The longer the key is, the more time is required to decrypt the message. This is not suitable for real-life applications (exp: A UAV flying at 5000 KM away from base and controlled by a pilot. Sending/Receiving encrypted commands/information should be as fast as possible). Also, the processing power of the device sending/receiving data is crucial. For instance, i won't be using DES algorithm on a server (which is a silly choice of course - Low security algorithm on high performance system), nor AES on a mobile device with low processing power.

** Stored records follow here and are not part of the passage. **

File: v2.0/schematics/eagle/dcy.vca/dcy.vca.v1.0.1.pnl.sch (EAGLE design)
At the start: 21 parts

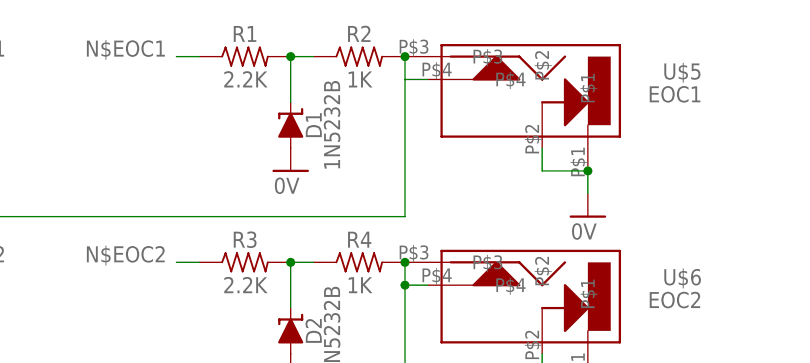
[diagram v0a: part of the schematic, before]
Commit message: Flipped oritentaiton of panel board Changed power header to 2x5 hearder
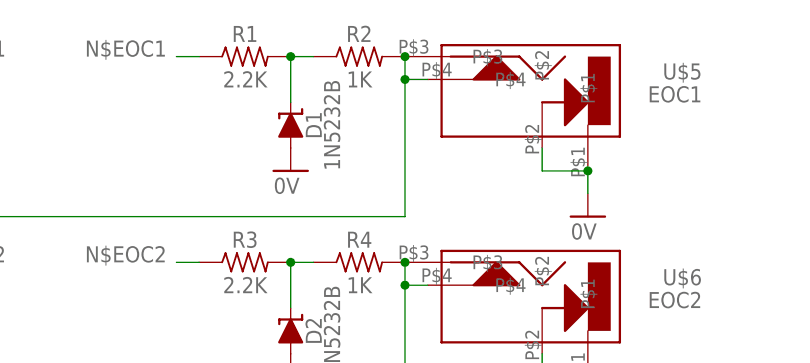
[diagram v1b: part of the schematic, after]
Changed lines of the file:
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@@
 <wire x1="58.42" y1="-5.08" x2="58.42" y2="-20.32" width="0.1524" layer="91"/>
 <wire x1="116.84" y1="-20.32" x2="58.42" y2="-20.32" width="0.1524" layer="91"/>
+<junction x="116.84" y="-5.08"/>
 </segment>
 </net>

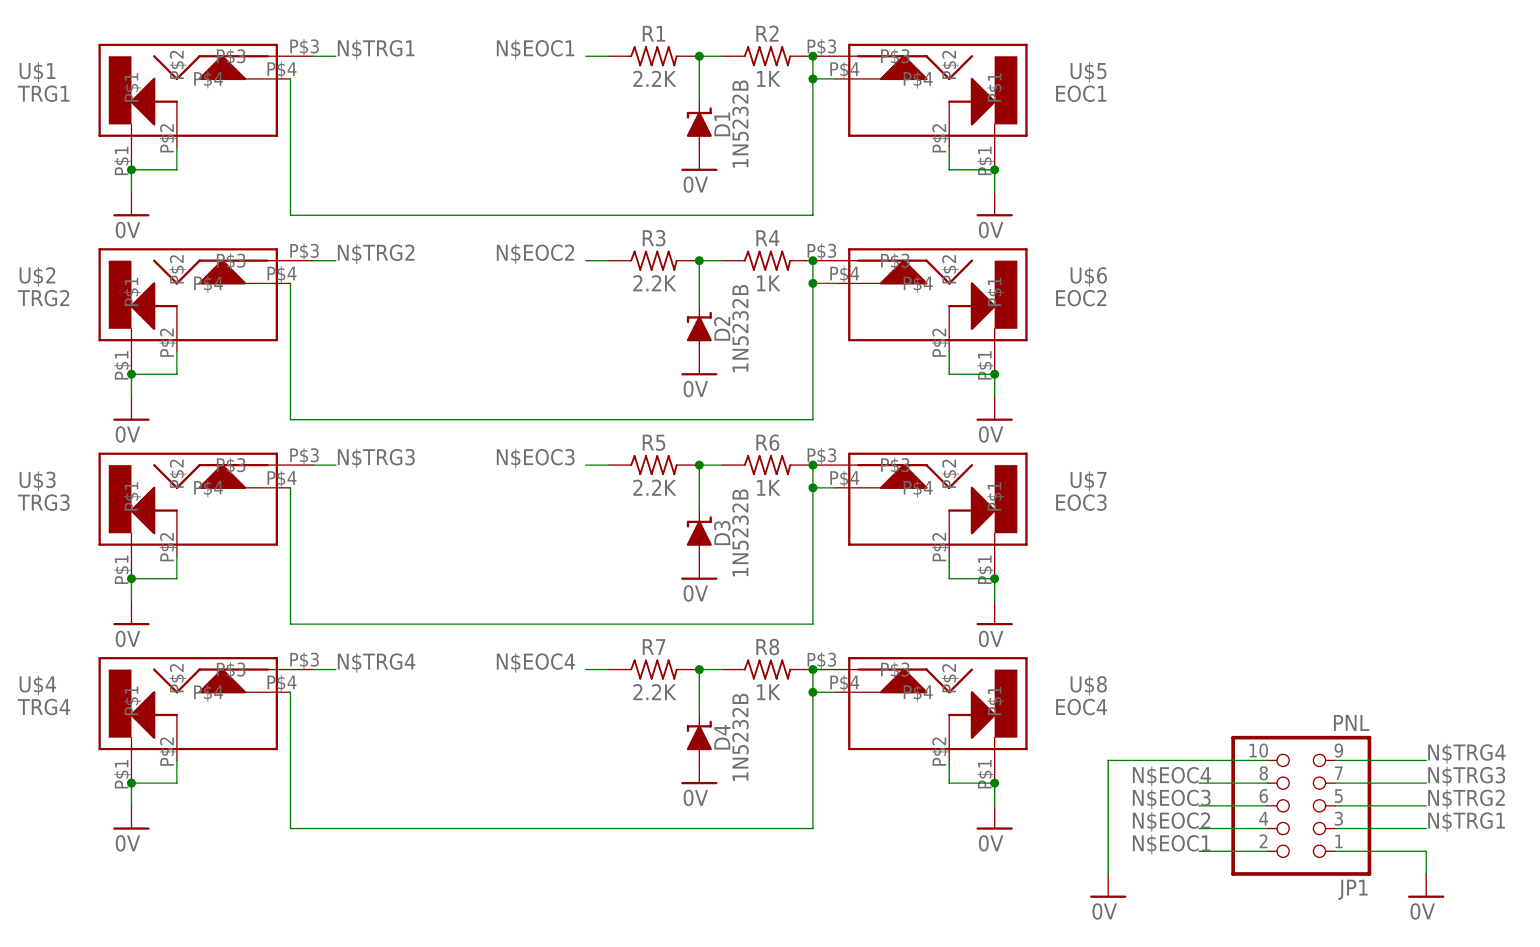
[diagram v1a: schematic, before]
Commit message: Updated routing and jack position.
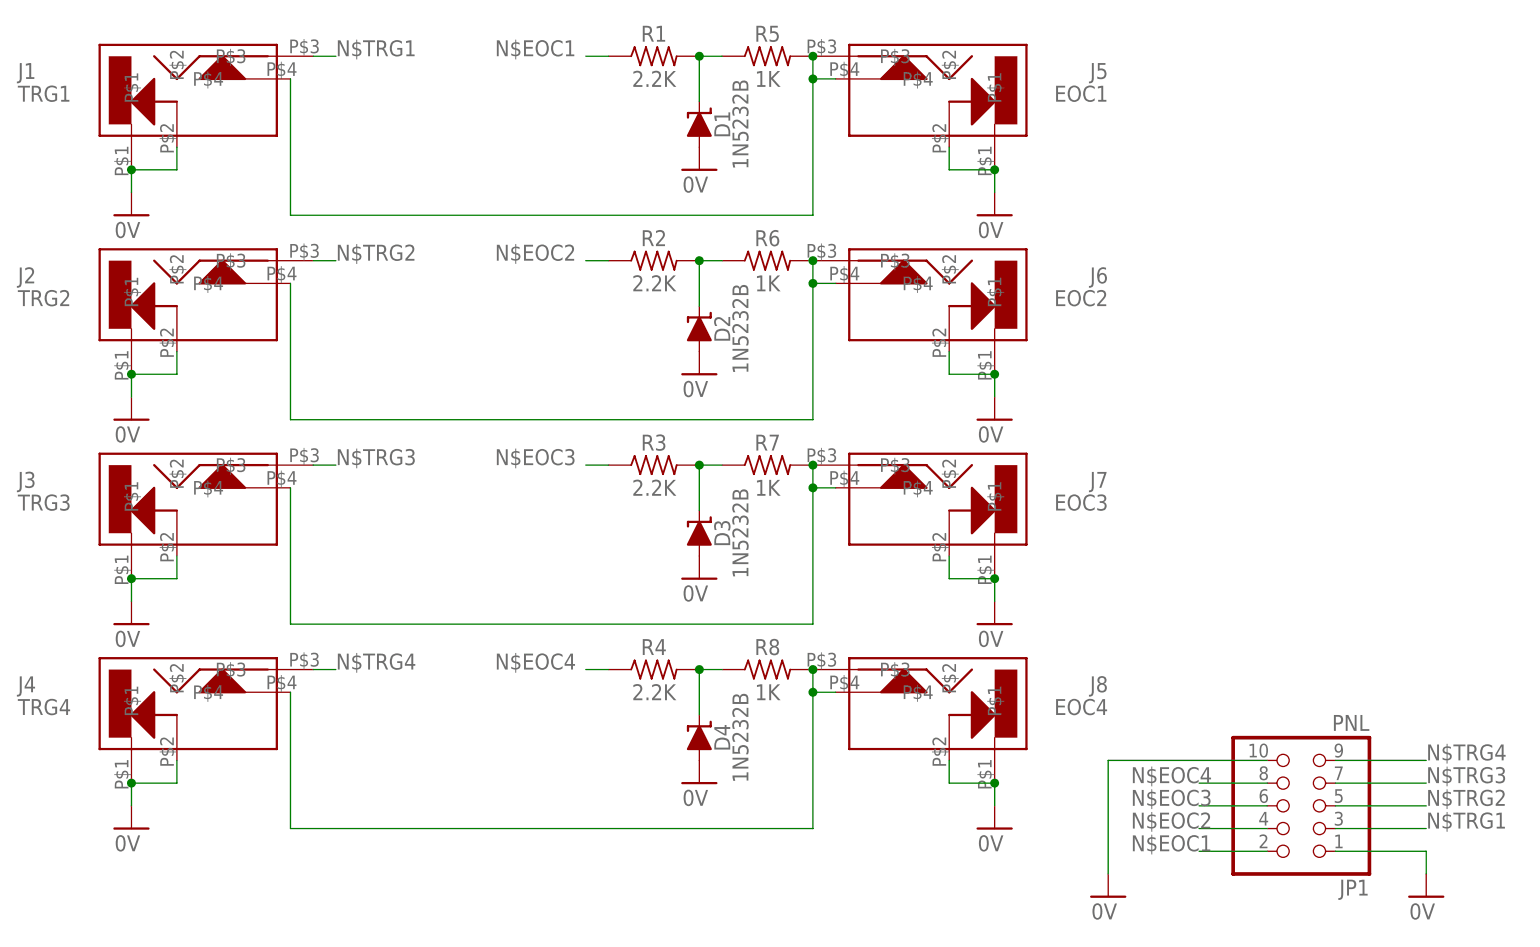
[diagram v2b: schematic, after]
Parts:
- R2, R4: value 1K -> 2.2K
- R5, R7: value 2.2K -> 1K
- renumbered U$1 to J1, U$2 to J2, U$3 to J3, U$4 to J4, U$5 to J5, U$6 to J6, U$7 to J7, U$8 to J8
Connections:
- net N$1: now also R5.1; no longer R2.1
- net N$2: now also R5.2; no longer R2.2
- net N$3: now also R2.2, R6.1; no longer R3.2, R4.1
- net N$4: now also R3.2, R7.1; no longer R5.2, R6.1
- net N$5: now also R4.2; no longer R7.2
- net N$6: now also R6.2; no longer R4.2
- net N$7: now also R7.2; no longer R6.2
- net N$EOC2: now also R2.1; no longer R3.1
- net N$EOC3: now also R3.1; no longer R5.1
- net N$EOC4: now also R4.1; no longer R7.1
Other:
- moved on the sheet: R2, R3, R4, R5, R6, R7

In my opinion, you should compromise between the 2 points discussed above (performance vs complexity). Which one to prefer over the other depends solely on application you're dealing with.
That's only partially true. The original poster meant to ask if the bigger the key the safer the encryption. In that case, it is true.

However, and this is what Georges says that is correct, the more complex the encryption, the more difficult the decoding. The reason why we don't always use long keys (and mutliple encryptions like you asked) is a performance issue.

Think about encrypting a phone conversation. How aweful would it be if you had to wait for something as low as 3 sec to decode?
bskaram wroteAnd one more thing, I don't quite understand the Hash algorithm, is it just a way of mixing the numbers and creating a key, and is choosing the right hash important for the security of your encryption?
I do not really know much about data security and all this stuff but it happens that yesterday I was reading about how to secure data in ASP.NET MVC and they mentioned something about the Hash algorithm. The book said that a Hash can easily be decrypted using a Rainbow Table which can be easily found for free all over the internet. But in order to make your encryption more resistant, you should use something called "salt value", which will force the attacker to figure out the salt value then generate a totally new Rainbow table based on that value.

Just my two cents.
Edit: Post Deleted.
--
George wroteYou said you're familiar with AES algorithm. Did you do any research about it ? Do you have any advanced information (and perhaps references, books, etc..) about it. I'm asking because i'm interested too.
I'm not a university student. I don't know much about encryption, just some general knowledge. I am familiar with AES, because I researched it a bit.
http://en.wikipedia.org/wiki/Advanced_Encryption_Standard

And thanks for the information guys, you've answered some of my qeustions. So I guess I'll settle with AES...even the U.S government uses it for encryption of top secret information. But I still don't get the Hashes. @Kassem, does it mean if you don't use a hash algorithm, your encryption is useless? And what is it's use if the attacker can find the salt value and generate the proper rainbow table?
bskaram wrote@Kassem, does it mean if you don't use a hash algorithm, your encryption is useless? And what is it's use if the attacker can find the salt value and generate the proper rainbow table?
The way I understand it is that Hash is a form of encryption, so normally if you're using AES (or whatever encryption algorithm you choose), you do not really need to use the Hash algorithm. Moreover, I'm not really sure Hashing can be used for binary data and files. I think it's only used for strings and such. It is usually used for storing passwords and sensitive information inside the database.

Now about the salt, if the attacker figures out the salt value, he'll have to generate a whole new rainbow table which takes a lot of time and resources. So yeah, the salt value is basically another layer of complexity added on top of the Hash encryption.